Assim, além das águas que fluem pelos rios, a alternativa de abastecimento humano com água subterrânea precisa ser considerada. Pelo fato da água subterrânea poder ser captada no próprio lote do condomínio, da indústria ou no perímetro irrigado e ter, em geral, qualidade adequada ao consumo humano, não tem os custos de transporte ou de tratamento. Por sua vez, a sua extração desordenada atual poderá produzir sérios impactos nas descargas de base dos rios, nos níveis mínimos dos reservatórios, e recalques nos terrenos.
Até a última década do século passado, os indicadores mais seguros de estabilidade e riqueza de uma nação eram suas reservas de petróleo e dos recursos minerais não renováveis. Atualmente, esses indicadores são questionados por estrategistas de mercado, em relação à água, recurso natural renovável no mundo, mas não inesgotável e de valor econômico em muitas partes da Terra.

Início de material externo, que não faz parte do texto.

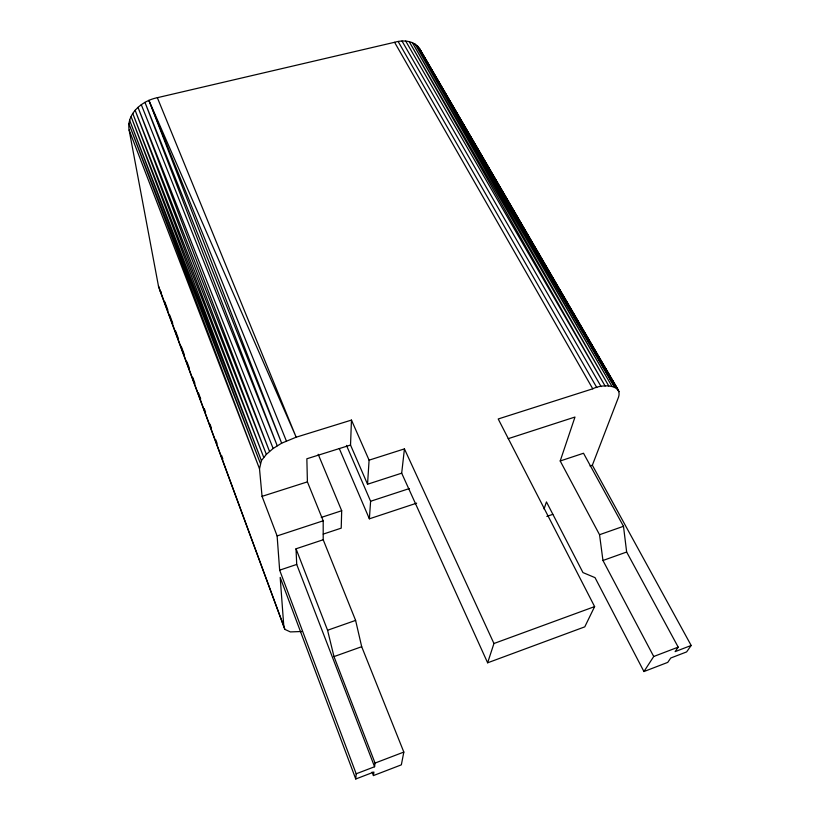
<?xml version="1.0" encoding="UTF-8"?>
<svg xmlns="http://www.w3.org/2000/svg" width="820" height="820" viewBox="0 0 820 820"><rect width="100%" height="100%" fill="white"/><g stroke="black" fill="none" stroke-linecap="round" stroke-linejoin="round"><path stroke-width="1.23" d="M318.191 454.28L341.694 510.737L341.212 528.152L323.244 534.097M350.529 445.045L351.462 420.086L296.174 437.203L281.649 443.189L273.142 448.489L266.346 454.382L261.416 460.635L259.51 468.794L262.051 496.356L277.119 535.931L279.651 570.166L356.187 773.793L355.757 779L373.899 772.03L373.448 775.576L401.349 764.845L403.829 752.073L361.692 646.703L355.613 620.402L323.203 539.755L323.193 520.803L307.408 481.873L306.854 458.78L350.529 445.045L367.544 484.23L401.687 473.171L404.434 448.888L369.092 460.163L367.544 484.23M416.652 503.162L369.369 518.824L370.609 501.256L346.47 445.383M356.187 773.793L374.576 766.751L375.047 763.072L333.986 656.595L327.569 630.252L296.02 548.795L323.203 539.755M544.06 508.984L546.448 501.891L582.958 572.575L595.023 577.639L643.936 671.549L667.746 662.386L670.75 658.019L686.606 651.92L691.178 645.473L592.347 465.227L617.788 399.053C624.809 383.637 601.378 383.996 592.757 388.813L498.211 418.979L594.623 606.605L584.783 626.849L487.633 662.806L493.947 643.505L404.434 448.888M643.936 671.549L653.724 656.502L602.956 560.49L599.543 534.712L560.203 460.983L574.984 417.042L508.195 438.679M560.203 460.983L583.512 453.245L623.487 526.297L626.654 552.024L678.201 647.134L675.126 651.623L691.178 645.473M618.167 389.777L419.327 48.349C413.957 40.477 402.989 39.76 394.574 42.291L157.348 97.693C142.567 100.604 126.372 113.344 129.109 129.98L158.445 285.975L159.808 290.3L284.878 629.391L290.352 631.912L301.934 631.502M653.724 656.502L678.201 647.134M375.047 763.072L403.829 752.073M493.947 643.505L594.623 606.605M333.986 656.595L361.692 646.703M602.956 560.49L626.654 552.024M327.569 630.252L355.613 620.402M599.543 534.712L623.487 526.297M546.837 516.395L552.793 514.355M279.651 570.166L296.717 564.437L296.02 548.795M590.031 466.006L592.347 465.227M321.266 517.43L341.694 510.737M370.609 501.256L409.467 488.525M277.119 535.931L323.193 520.803M262.051 496.356L307.408 481.873M159.808 290.3L161.253 292.217M471.838 139.974L473.13 142.188M475.067 145.499L476.348 147.702M477.64 149.916L478.931 152.12M484.097 160.956L485.389 163.159M489.909 170.888L491.2 173.092M492.492 175.306L494.429 178.616M495.721 180.82L497.658 184.141M501.532 190.763L503.47 194.073M505.407 197.384L509.281 204.006M514.437 212.841L518.312 219.463M520.249 222.773L524.769 230.502M526.061 232.716L527.998 236.027M529.289 238.23L530.581 240.445M532.518 243.755L533.81 245.959M535.101 248.163L537.038 251.484M538.33 253.687L539.621 255.891M540.913 258.105L542.85 261.416M544.142 263.62L546.079 266.93M547.36 269.144L548.652 271.348M549.943 273.562L551.88 276.873M553.172 279.077L560.921 292.33M562.212 294.534L619.018 391.683L419.327 48.349L616.681 388.219L417.472 46.053L614.58 387.04L415.125 44.136L611.925 386.271L412.347 42.64L608.747 385.933L409.18 41.605L605.119 386.046L405.705 41.051M401.995 41L601.101 386.589M398.11 41.451L596.796 387.573M394.574 42.291L592.757 388.813M401.687 473.171L487.633 662.806M351.462 420.086L369.092 460.163M141.296 104.693L277.221 445.742L144.955 102.356L281.649 443.189L148.902 100.388L296.174 437.203L157.348 97.693M339.306 448.581L369.369 518.824M148.902 100.388L286.334 440.893M273.142 448.489L138.006 107.348L269.503 451.389L135.136 110.269L266.346 454.382L132.737 113.406L263.743 457.406L131.149 116.737L261.416 460.635L129.56 120.048L260.34 463.351L128.822 123.43L259.51 468.794L129.109 129.98M296.717 564.437L374.576 766.751M372.106 772.071L373.448 775.576M355.757 779L280.184 577.413L283.812 626.449L284.878 629.391M164.799 301.811L167.895 310.206M169.668 315.003L172.774 323.408M175.429 330.603L178.534 338.998M181.189 346.194L184.295 354.599M186.95 361.794L189.174 367.79M192.72 377.384L194.934 383.381M198.481 392.985L200.695 398.981M204.241 408.575L205.564 412.173M210.002 424.176L211.324 427.773M215.762 439.766L217.085 443.364M221.523 455.356L222.845 458.964M158.445 285.975L283.812 626.449M420.68 50.973L421.213 52.9"/></g></svg>

A partir da última década, principalmente, considera-se que a cobrança pelo direito de uso da água é uma forma de se conseguir um uso cada vez mais eficiente. No Brasil, em particular, embora se ostente a maior descarga de água-doce do mundo nos seus rios, lutar pelo uso cada vez mais eficiente da gota d'água disponível é lutar contra a pobreza, pela vida, pela saúde e pela comida para todos (Rebouças, 2002C).
No Brasil, o comprometimento da renda per capita com a conta d'água e esgoto já representa cerca de 1%, considerando-se as tarifas e os níveis de atendimento atuais. Supondo-se a extensão para toda a população brasileira do serviço de coleta e tratamento de esgotos, e cobrando-se as tarifas atuais, a conta d'água e esgoto chegaria a 2% da renda per capta, Enquanto isso, nos países desenvolvidos, o comprometimento da renda per capita com a conta d'água e esgotos varia entre 0,3 e 0,8% do seu valor (SEDU/PR, 2002).
A TRANSPOSIÇÃO DE BACIAS HIDROGRÁFICAS NO BRASIL
A alternativa de transporte de água entre bacias hidrográficas diferentes, como a realizada entre as bacias do Rio Piracicaba e Alto Tietê, para abastecimento da cidade de São Paulo ou, no Nordeste, como o Rio São Francisco - Jaguaribe, ou entre as bacias dos rios Tocantins e São Francisco, por exemplo, precisa ser avaliada à luz do arcabouço - legal e institucional - vigente, em especial a Lei Federal n° 9.433/97, que impõe viabilidade ambiental e social, dentre outras, além do simples equacionamento hidrológico-técnico ou hidráulico. Deve-se levar em conta, também, os novos conhecimentos hidrológicos disponíveis.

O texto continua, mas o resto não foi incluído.